- **Provided entries**
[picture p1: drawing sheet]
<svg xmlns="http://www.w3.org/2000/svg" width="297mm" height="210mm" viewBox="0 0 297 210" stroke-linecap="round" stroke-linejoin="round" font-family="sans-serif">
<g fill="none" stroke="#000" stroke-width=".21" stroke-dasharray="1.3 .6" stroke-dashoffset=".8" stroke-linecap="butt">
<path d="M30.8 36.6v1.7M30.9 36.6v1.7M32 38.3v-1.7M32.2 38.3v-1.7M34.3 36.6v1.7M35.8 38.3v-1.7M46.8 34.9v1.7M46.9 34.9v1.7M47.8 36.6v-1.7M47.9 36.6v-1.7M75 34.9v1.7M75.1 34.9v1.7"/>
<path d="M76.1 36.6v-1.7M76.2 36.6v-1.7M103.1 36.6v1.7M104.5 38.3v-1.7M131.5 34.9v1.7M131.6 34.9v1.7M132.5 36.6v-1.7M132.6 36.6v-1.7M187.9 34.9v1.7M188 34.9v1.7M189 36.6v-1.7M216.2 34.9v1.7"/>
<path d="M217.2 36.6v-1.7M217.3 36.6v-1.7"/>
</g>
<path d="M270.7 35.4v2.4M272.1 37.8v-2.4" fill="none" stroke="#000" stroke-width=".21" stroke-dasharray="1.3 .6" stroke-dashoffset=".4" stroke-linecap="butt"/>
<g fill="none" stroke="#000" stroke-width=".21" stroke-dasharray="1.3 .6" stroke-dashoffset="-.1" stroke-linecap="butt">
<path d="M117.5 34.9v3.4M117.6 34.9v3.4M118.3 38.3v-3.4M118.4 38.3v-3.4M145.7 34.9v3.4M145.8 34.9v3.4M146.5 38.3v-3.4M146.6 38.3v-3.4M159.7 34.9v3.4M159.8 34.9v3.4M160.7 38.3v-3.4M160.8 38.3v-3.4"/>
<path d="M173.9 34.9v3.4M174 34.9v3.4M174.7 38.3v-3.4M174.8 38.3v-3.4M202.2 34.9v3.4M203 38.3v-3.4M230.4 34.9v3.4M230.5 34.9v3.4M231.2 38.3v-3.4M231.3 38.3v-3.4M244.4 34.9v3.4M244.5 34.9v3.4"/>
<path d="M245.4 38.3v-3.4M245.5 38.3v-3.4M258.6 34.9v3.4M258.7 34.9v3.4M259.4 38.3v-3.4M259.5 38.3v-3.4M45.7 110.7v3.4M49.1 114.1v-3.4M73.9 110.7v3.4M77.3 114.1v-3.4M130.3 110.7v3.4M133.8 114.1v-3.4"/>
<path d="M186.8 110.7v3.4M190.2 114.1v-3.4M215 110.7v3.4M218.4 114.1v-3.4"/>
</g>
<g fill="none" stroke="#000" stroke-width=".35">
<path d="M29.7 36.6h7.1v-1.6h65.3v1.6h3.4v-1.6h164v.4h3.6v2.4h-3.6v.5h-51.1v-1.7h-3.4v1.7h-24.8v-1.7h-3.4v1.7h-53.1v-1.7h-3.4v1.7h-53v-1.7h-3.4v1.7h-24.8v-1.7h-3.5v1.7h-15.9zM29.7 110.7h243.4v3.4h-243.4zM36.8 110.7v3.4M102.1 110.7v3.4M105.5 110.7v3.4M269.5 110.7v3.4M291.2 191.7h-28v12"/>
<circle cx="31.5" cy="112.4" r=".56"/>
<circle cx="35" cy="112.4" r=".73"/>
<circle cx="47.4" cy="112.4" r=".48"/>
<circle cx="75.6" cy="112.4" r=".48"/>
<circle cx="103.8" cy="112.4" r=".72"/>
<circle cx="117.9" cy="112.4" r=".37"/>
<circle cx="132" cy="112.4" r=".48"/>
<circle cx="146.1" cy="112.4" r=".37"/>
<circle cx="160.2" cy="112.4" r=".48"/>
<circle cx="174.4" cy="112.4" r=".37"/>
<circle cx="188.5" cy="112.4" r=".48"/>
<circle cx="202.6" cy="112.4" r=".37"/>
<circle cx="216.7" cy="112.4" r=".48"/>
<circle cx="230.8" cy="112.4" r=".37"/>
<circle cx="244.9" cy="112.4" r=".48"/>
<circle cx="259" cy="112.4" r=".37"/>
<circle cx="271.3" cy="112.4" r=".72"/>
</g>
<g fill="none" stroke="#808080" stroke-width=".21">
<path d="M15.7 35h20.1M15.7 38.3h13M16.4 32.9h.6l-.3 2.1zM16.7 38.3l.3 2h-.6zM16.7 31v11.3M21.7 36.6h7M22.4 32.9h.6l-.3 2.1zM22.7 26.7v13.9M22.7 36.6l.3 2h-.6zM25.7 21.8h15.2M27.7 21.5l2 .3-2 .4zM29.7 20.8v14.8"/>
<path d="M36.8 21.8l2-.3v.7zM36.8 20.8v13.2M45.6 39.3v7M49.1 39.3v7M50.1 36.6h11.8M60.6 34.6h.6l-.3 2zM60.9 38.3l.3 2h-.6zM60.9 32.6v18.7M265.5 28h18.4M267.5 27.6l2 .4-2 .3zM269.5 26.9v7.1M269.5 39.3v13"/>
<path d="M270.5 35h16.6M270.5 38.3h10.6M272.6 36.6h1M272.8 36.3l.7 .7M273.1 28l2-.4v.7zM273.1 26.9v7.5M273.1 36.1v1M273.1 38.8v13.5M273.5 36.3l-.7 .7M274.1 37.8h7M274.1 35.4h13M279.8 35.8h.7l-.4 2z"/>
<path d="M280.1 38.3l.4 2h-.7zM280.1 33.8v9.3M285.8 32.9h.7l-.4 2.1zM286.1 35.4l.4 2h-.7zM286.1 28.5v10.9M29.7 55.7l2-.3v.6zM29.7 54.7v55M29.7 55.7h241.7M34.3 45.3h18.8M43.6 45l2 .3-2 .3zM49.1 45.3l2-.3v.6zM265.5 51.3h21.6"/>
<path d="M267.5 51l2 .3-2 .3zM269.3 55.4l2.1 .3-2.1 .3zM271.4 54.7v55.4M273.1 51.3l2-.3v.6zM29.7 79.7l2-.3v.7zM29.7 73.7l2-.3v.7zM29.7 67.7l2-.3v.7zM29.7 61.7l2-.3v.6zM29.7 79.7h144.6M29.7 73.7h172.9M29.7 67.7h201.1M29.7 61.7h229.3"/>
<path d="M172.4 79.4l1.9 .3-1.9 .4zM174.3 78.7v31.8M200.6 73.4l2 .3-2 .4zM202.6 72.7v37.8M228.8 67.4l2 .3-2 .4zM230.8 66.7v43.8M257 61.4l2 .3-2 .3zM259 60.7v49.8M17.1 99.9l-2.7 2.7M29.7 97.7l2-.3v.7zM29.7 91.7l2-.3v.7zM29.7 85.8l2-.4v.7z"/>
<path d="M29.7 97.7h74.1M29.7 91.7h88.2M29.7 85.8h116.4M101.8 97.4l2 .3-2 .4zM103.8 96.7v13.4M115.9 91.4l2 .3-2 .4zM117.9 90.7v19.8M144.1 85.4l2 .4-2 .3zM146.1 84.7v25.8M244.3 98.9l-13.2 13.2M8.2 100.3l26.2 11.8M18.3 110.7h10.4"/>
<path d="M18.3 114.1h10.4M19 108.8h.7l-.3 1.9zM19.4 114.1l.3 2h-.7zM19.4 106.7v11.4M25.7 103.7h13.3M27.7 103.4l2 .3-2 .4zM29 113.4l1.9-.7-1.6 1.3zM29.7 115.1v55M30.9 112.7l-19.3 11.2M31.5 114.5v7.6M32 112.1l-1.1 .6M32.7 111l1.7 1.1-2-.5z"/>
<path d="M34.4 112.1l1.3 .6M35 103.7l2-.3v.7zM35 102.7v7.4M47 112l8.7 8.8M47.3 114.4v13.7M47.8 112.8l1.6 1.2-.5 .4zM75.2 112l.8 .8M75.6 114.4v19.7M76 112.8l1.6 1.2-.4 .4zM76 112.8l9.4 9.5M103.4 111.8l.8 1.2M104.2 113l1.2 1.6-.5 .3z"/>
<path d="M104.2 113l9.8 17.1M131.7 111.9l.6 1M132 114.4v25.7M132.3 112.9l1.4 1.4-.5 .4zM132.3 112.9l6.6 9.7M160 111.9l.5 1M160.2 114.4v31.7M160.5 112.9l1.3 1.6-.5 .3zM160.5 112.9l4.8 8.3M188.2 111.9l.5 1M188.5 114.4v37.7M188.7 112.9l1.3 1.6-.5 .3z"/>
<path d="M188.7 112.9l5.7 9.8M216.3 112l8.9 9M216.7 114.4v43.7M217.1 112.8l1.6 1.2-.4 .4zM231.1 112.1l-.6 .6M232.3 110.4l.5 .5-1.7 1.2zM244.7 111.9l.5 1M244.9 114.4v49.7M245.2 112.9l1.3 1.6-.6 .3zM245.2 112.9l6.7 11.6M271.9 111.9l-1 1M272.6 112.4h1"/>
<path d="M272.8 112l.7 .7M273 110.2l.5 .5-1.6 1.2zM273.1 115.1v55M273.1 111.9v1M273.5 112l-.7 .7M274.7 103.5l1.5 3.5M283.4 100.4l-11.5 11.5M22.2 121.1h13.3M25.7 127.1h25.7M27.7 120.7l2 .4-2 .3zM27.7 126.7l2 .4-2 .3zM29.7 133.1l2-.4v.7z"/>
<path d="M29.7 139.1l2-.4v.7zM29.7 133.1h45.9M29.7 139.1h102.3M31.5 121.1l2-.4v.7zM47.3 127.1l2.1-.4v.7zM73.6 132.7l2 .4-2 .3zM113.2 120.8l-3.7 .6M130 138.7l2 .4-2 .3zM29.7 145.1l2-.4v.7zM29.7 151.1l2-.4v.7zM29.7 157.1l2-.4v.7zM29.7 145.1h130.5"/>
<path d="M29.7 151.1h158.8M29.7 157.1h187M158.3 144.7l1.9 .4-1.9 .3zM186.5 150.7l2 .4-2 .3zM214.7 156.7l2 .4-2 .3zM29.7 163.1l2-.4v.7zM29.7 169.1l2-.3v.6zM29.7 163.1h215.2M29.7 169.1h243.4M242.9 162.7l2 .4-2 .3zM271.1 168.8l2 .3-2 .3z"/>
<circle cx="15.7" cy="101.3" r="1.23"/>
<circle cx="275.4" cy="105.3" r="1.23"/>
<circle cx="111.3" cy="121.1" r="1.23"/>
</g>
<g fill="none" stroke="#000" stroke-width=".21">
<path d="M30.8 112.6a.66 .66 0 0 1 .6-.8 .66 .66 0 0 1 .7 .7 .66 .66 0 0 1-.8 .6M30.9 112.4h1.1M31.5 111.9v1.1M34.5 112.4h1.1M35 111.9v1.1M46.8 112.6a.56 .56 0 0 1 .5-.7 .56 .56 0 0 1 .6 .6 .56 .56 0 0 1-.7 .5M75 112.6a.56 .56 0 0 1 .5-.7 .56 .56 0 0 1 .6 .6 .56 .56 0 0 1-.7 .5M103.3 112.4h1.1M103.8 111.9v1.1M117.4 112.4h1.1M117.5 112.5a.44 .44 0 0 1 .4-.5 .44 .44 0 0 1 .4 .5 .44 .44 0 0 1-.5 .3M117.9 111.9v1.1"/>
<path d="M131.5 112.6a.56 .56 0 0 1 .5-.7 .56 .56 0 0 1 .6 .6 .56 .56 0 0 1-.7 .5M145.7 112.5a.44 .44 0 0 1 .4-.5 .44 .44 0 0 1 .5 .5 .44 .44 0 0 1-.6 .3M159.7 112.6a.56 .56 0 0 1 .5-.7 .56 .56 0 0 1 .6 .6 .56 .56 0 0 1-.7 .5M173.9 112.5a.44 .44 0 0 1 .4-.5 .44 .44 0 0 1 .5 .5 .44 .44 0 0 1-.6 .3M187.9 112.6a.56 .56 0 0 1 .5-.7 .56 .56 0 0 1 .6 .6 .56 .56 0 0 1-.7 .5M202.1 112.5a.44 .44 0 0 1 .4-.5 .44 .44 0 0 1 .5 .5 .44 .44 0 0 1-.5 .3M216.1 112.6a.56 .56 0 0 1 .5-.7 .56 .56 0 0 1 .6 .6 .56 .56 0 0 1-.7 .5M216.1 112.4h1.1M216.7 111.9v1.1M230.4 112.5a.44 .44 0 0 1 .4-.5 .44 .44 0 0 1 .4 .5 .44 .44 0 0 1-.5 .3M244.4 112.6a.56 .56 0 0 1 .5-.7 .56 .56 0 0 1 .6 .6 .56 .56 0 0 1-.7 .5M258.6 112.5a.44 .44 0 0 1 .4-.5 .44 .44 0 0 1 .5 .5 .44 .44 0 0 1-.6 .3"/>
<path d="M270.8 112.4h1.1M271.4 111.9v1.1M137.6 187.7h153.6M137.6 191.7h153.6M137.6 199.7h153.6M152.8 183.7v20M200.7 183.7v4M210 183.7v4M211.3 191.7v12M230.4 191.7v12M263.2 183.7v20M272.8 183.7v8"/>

- **Work request**
Count the lines above that contain the word "stroke". Write only the number.

- **Your response**
7